少年が瀕死の老人から預かった地図には、海賊の宝物の場所が記されていた。宝を探しに、少年と町の有力者が旅に出るが・・・

・・・DVDで鑑賞。ディズニー最初の長編実写版作品らしい。印象としては、戦前の冒険映画のような古い作り方で、明らかにスタジオでの撮影と分かるシーンも多く、技術的に優れている印象はなかった。でも、クセのない演出で家族が楽しめるように作られていて、今でも子供が鑑賞可能な作品かも知れないと感じる。非常に受けるだろうとは言えないが・・・

主人公を演じていたのはボビー・ドリスコールという少年で、特別利口そうな顔つきとは感じなかったが、笑顔がかわいらしかった。当時の有名子役だそうだ。早世したらしいのも、当時の子役らしい。

悪役のジョン・シルバーを演じた俳優は、目つきを思い切り怪しく演じていて、なかなか良い表情だったと思う。今なら、おそらくもっと怖い顔をした俳優が演じて、もう少しリアルな方向で演じるのではないかと思うが、この作品の当時だとオーバーな表情が要求されたんだろう。

この悪役の個性が大事だった。単純な殺し屋では面白くない。利己的な面と友情にあつい部分、少年との独特な関係、頭の回転の良さ、度胸、度量。それらが独特な魅力になるよう、作者が意図して作り上げた個性だと思う。後年の「トレジャー・プラネット」などでも、その点は守られていたようだ。つまり、キャラクターが愛されていたということだろう。

映画についてよく思うのだが、悪役の出来は作品の出来映えに直結するようだ。主役の魅力ももちろん大事だが、悪役にクセがあって、悪いやつだが愛すべき点もある場合、作品の魅力はかなり増す。このジョン・シルバーこそ、その点で代表選手と言えるだろう。

魅力的なジョン・シルバーに対し、先日辞任した今村雅弘・前復興相は、魅力に欠ける印象を受けた。

政治家には悪役の顔をした人が多いが、魅力ある悪役顔の人もいる。

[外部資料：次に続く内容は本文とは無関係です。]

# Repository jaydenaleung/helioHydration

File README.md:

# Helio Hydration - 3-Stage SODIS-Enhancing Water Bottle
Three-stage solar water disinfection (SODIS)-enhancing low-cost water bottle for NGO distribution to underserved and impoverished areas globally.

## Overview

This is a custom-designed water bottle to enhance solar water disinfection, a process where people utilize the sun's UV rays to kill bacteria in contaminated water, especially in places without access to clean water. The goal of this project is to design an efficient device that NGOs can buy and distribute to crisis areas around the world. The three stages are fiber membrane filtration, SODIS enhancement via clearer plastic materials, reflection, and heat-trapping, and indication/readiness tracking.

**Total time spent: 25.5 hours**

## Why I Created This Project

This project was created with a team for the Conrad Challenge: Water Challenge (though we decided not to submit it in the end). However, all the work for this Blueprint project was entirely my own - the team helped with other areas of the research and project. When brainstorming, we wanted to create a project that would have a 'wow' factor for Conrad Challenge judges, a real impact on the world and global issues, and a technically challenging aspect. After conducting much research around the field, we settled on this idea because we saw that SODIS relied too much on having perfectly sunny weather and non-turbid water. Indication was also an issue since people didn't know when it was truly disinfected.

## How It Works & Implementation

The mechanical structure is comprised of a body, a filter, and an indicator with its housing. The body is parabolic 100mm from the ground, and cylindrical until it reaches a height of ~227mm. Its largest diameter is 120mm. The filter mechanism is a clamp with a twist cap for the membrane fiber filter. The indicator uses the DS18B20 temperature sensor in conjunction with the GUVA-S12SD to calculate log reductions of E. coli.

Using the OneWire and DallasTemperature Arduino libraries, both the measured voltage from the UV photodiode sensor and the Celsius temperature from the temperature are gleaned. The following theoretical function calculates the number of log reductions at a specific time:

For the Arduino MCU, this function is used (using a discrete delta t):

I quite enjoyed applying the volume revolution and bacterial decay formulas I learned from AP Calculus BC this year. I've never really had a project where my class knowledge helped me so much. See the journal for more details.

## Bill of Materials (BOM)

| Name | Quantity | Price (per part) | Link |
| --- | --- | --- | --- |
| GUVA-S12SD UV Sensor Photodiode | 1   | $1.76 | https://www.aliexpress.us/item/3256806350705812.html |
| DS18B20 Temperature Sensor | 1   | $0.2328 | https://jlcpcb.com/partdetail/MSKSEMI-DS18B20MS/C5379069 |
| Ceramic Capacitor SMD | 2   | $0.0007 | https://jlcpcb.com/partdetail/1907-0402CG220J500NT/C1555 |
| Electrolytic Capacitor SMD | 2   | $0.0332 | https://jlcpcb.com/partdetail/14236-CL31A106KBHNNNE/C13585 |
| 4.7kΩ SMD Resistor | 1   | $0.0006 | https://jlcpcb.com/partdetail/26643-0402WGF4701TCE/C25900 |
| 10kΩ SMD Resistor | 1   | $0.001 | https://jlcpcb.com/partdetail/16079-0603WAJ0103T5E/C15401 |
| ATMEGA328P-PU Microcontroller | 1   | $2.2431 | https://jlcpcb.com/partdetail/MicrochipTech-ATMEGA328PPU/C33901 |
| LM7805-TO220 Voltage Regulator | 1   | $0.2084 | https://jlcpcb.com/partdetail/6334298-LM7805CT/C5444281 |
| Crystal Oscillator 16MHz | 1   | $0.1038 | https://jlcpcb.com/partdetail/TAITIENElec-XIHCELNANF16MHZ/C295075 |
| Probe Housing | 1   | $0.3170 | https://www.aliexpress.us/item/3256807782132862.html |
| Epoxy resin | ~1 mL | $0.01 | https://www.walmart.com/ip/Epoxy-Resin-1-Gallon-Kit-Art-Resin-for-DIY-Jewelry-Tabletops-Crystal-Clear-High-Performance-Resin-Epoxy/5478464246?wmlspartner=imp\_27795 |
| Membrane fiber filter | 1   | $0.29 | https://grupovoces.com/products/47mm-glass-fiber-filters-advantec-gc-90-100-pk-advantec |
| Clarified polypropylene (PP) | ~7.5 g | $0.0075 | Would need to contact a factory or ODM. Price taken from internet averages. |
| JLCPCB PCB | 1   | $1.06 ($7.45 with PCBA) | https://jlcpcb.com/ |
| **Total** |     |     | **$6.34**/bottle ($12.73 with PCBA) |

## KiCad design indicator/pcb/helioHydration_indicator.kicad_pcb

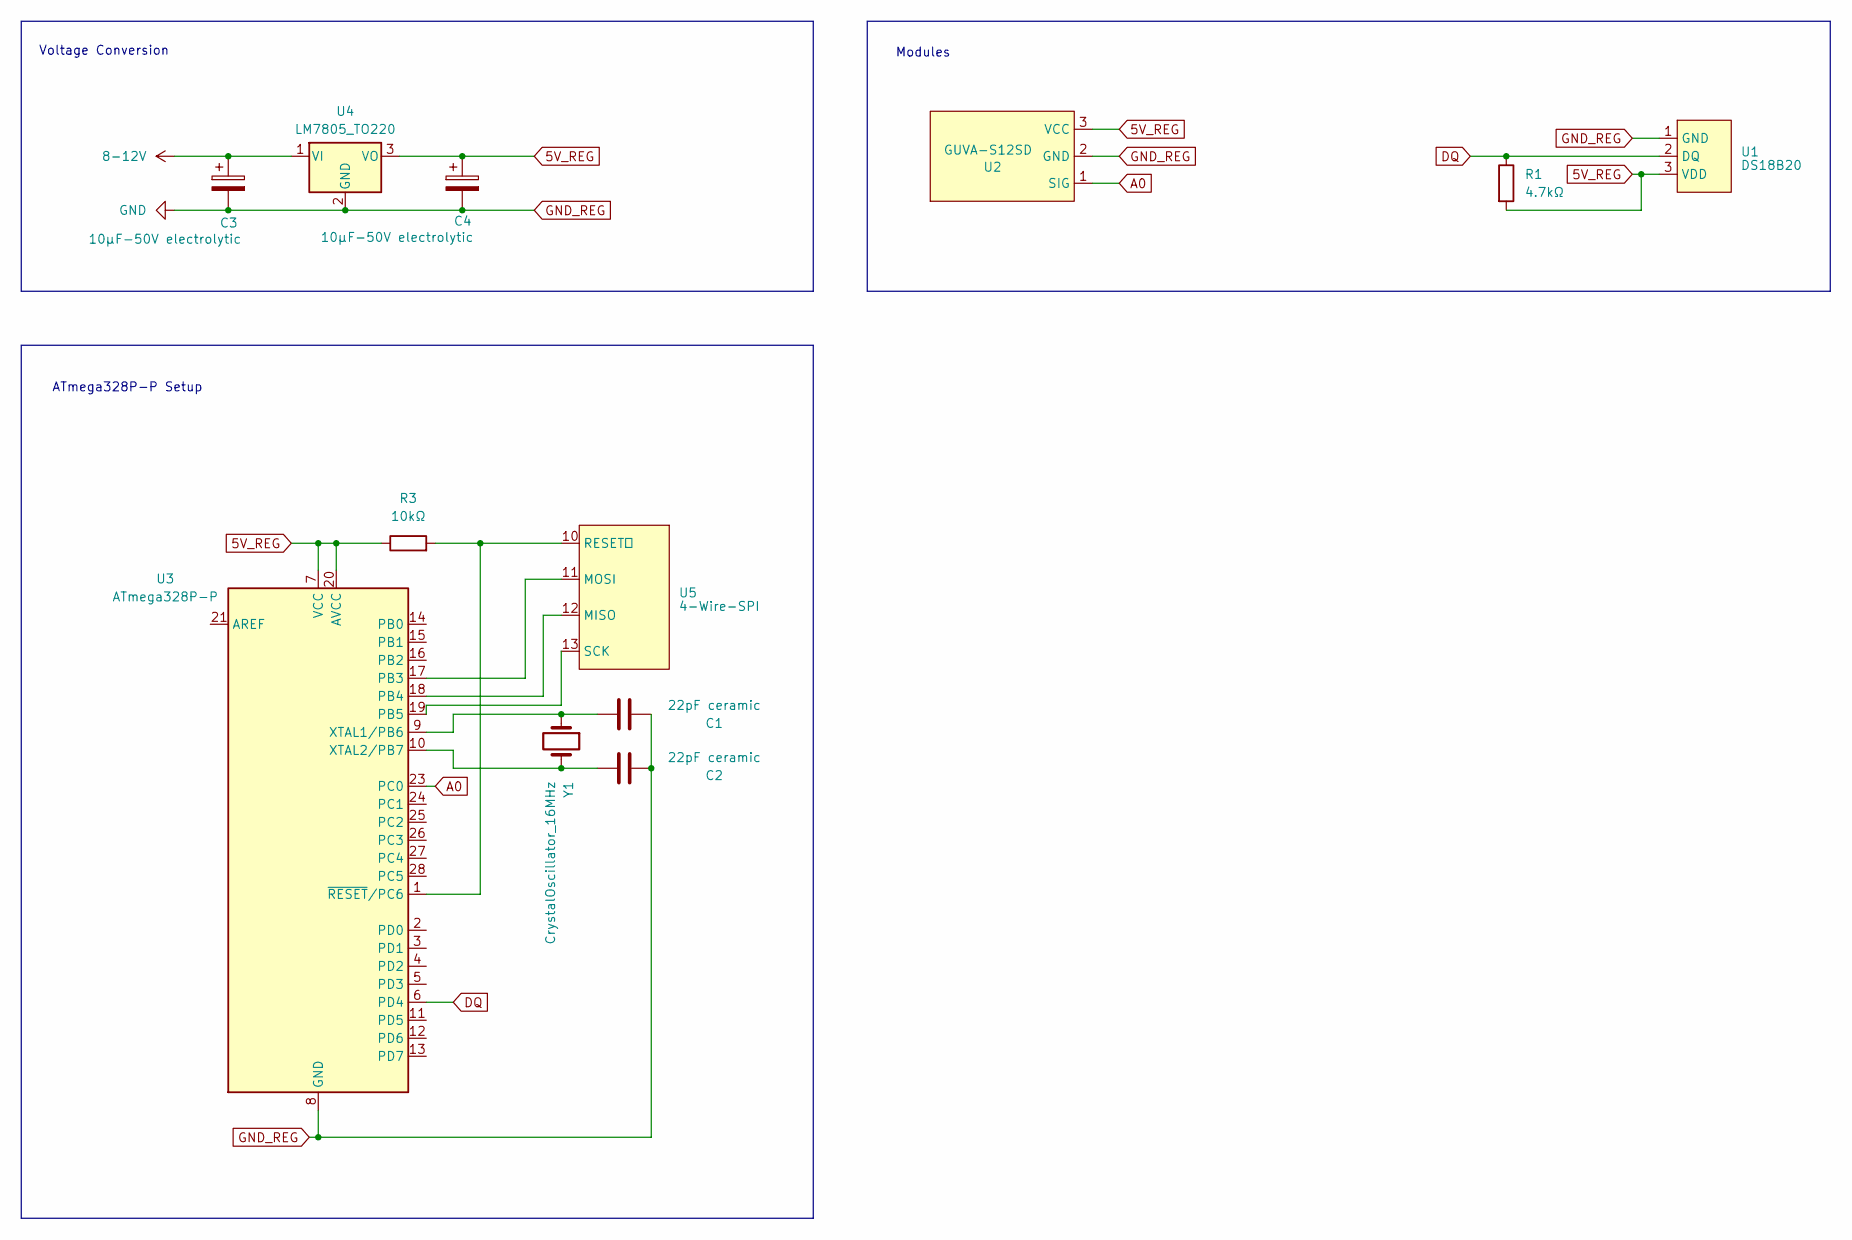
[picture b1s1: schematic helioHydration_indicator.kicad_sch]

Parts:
C1, C2: 22pF ceramic; C_0402_1005Metric
C3, C4: 10µF-50V electrolytic; C_1206_3216Metric
R1: 4.7kΩ; R_0402_1005Metric
R3: 10kΩ; R_0603_1608Metric
U1: DS18B20; DS18B20-MSKSEMI; Manufacturer Part .; LCSC Part Name .
U2: GUVA-S12SD; SZFYDOSH_11x27mm_Sensor
U3: ATmega328P-P; DIP-28_W7.62mm
U4: LM7805_TO220; TO-220-3_Vertical
U5: 4-Wire-SPI
Y1: CrystalOscillator_16MHz; Crystal_HC49-U_Vertical

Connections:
5V_REG: C4.1, R1.2, R3.1, U1.3 (VDD), U2.3 (VCC), U3.7 (VCC), U3.20 (AVCC), U4.3 (VO)
8-12V: C3.1, U4.1 (VI)
A0: U2.1 (SIG), U3.23 (PC0)
DQ: R1.1, U1.2 (DQ), U3.6 (PD4)
GND_REG: C1.1, C2.2, C3.2, C4.2, U1.1 (GND), U2.2 (GND), U3.8 (GND), U3.22 (GND), U4.2 (GND)
unnamed: U3.17 (PB3), U5.11 (MOSI)
unnamed: U3.18 (PB4), U5.12 (MISO)
unnamed: U3.19 (PB5), U5.13 (SCK)
unnamed: C1.2, U3.9 (XTAL1/PB6), Y1.1
unnamed: C2.1, U3.10 (XTAL2/PB7), Y1.2
unnamed: R3.2, U3.1 (~RESET/PC6), U5.10 (RESET)

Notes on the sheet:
ATmega328P-P Setup
Voltage Conversion
Modules

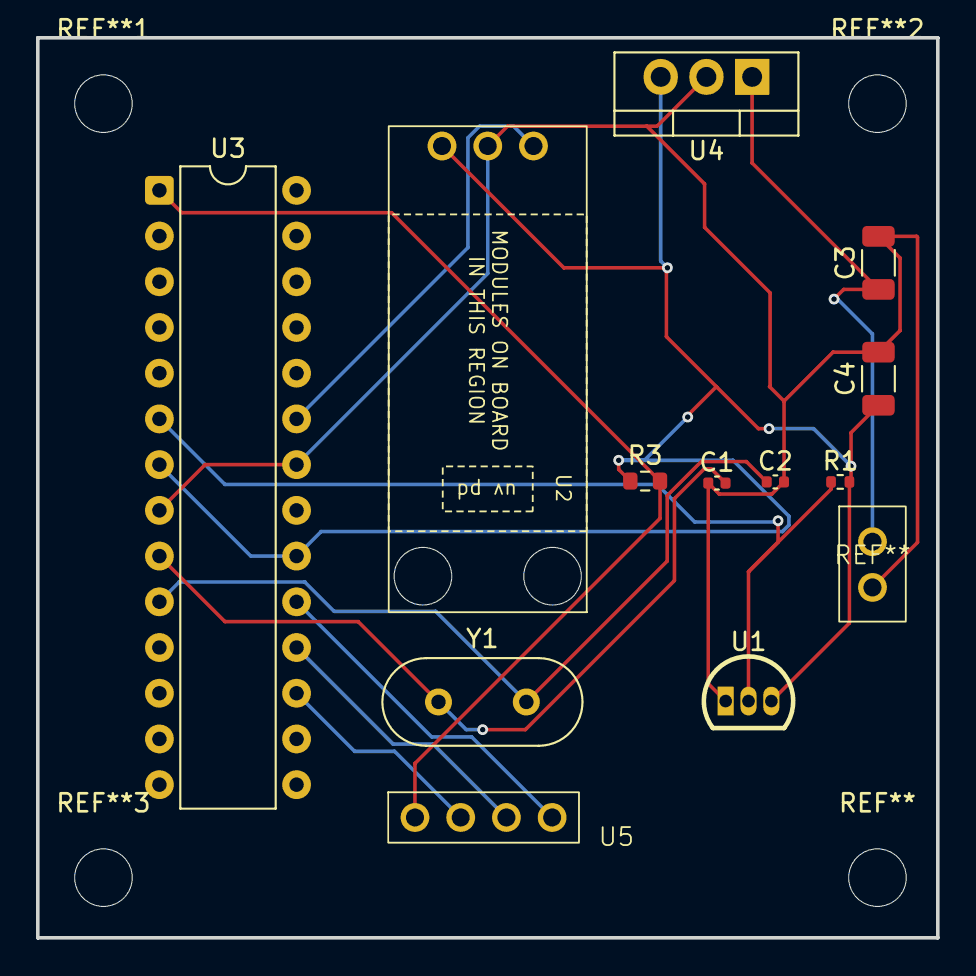
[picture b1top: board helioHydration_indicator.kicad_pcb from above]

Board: 2 copper layers, 50.0 x 50.0 mm, 12 parts (0 on the bottom side), 11 nets.

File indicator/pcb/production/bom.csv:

Designator,Footprint,Quantity,Value,LCSC Part #
"C1, C2",0402,2,22pF ceramic,
"C3, C4",1206,2,10µF-50V electrolytic,
R1,0402,1,4.7kΩ,
R3,0603,1,10kΩ,
U1,DS18B20-MSKSEMI,1,DS18B20,
U2,SZFYDOSH_11x27mm_Sensor,1,GUVA-S12SD,
U3,DIP-28_W7.62mm,1,ATmega328P-P,
U4,TO-220-3_Vertical,1,LM7805_TO220,
U5,4-Wire-SPI,1,4-Wire-SPI,
Y1,Crystal_HC49-U_Vertical,1,CrystalOscillator_16MHz,

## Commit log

2026-01-02 cad filter beta
2026-01-02 fix cap, upload step and stl files
2026-01-02 added render
2026-01-04 finish indicator pcb and schematic
2026-01-05 make indicator housing
2026-01-11 finishing touches and full assy
2026-01-11 add step
2026-01-12 update text
2026-01-12 Add images and improve project overview in README
    Updated README.md to include images and enhance project description.
2026-01-12 update pcb
2026-01-12 update gerbers organization
2026-01-12 updated bom
2026-01-12 update bom
2026-01-12 modified for 3d printing
2026-01-19 make adapter
2026-01-19 revert this
2026-01-19 Revert "revert this"
    This reverts commit 2f62f56bc3b80bfbb911c09e7c4823a3de9b39f3.
    revert commit
2026-01-19 fix housing top

今村氏は、そういったタイプではなくて真面目で、腹黒くない人物ではないか?東北地方の人々に対して、深い同情を持っていたのかどうか?そこは簡単には分からないが、テレビで表情を見る限りは、あまりなかったようだ。それを、そのまま吐露したに過ぎないのかも知れない。

氏が東北を目の敵にしよう、復興させまいといった本物の悪い意図で行動していたはずはない。自分に課せられた仕事はちゃんとこなそう、復興支援しようと考えていたはず。ただ、心から同情して献身したいような素振りはなく、淡々と職務をこなそうという程度の姿勢だったのでは?それだけなら、他の政治家も役人もおそらくそうで、際だって酷い人物とは言えない。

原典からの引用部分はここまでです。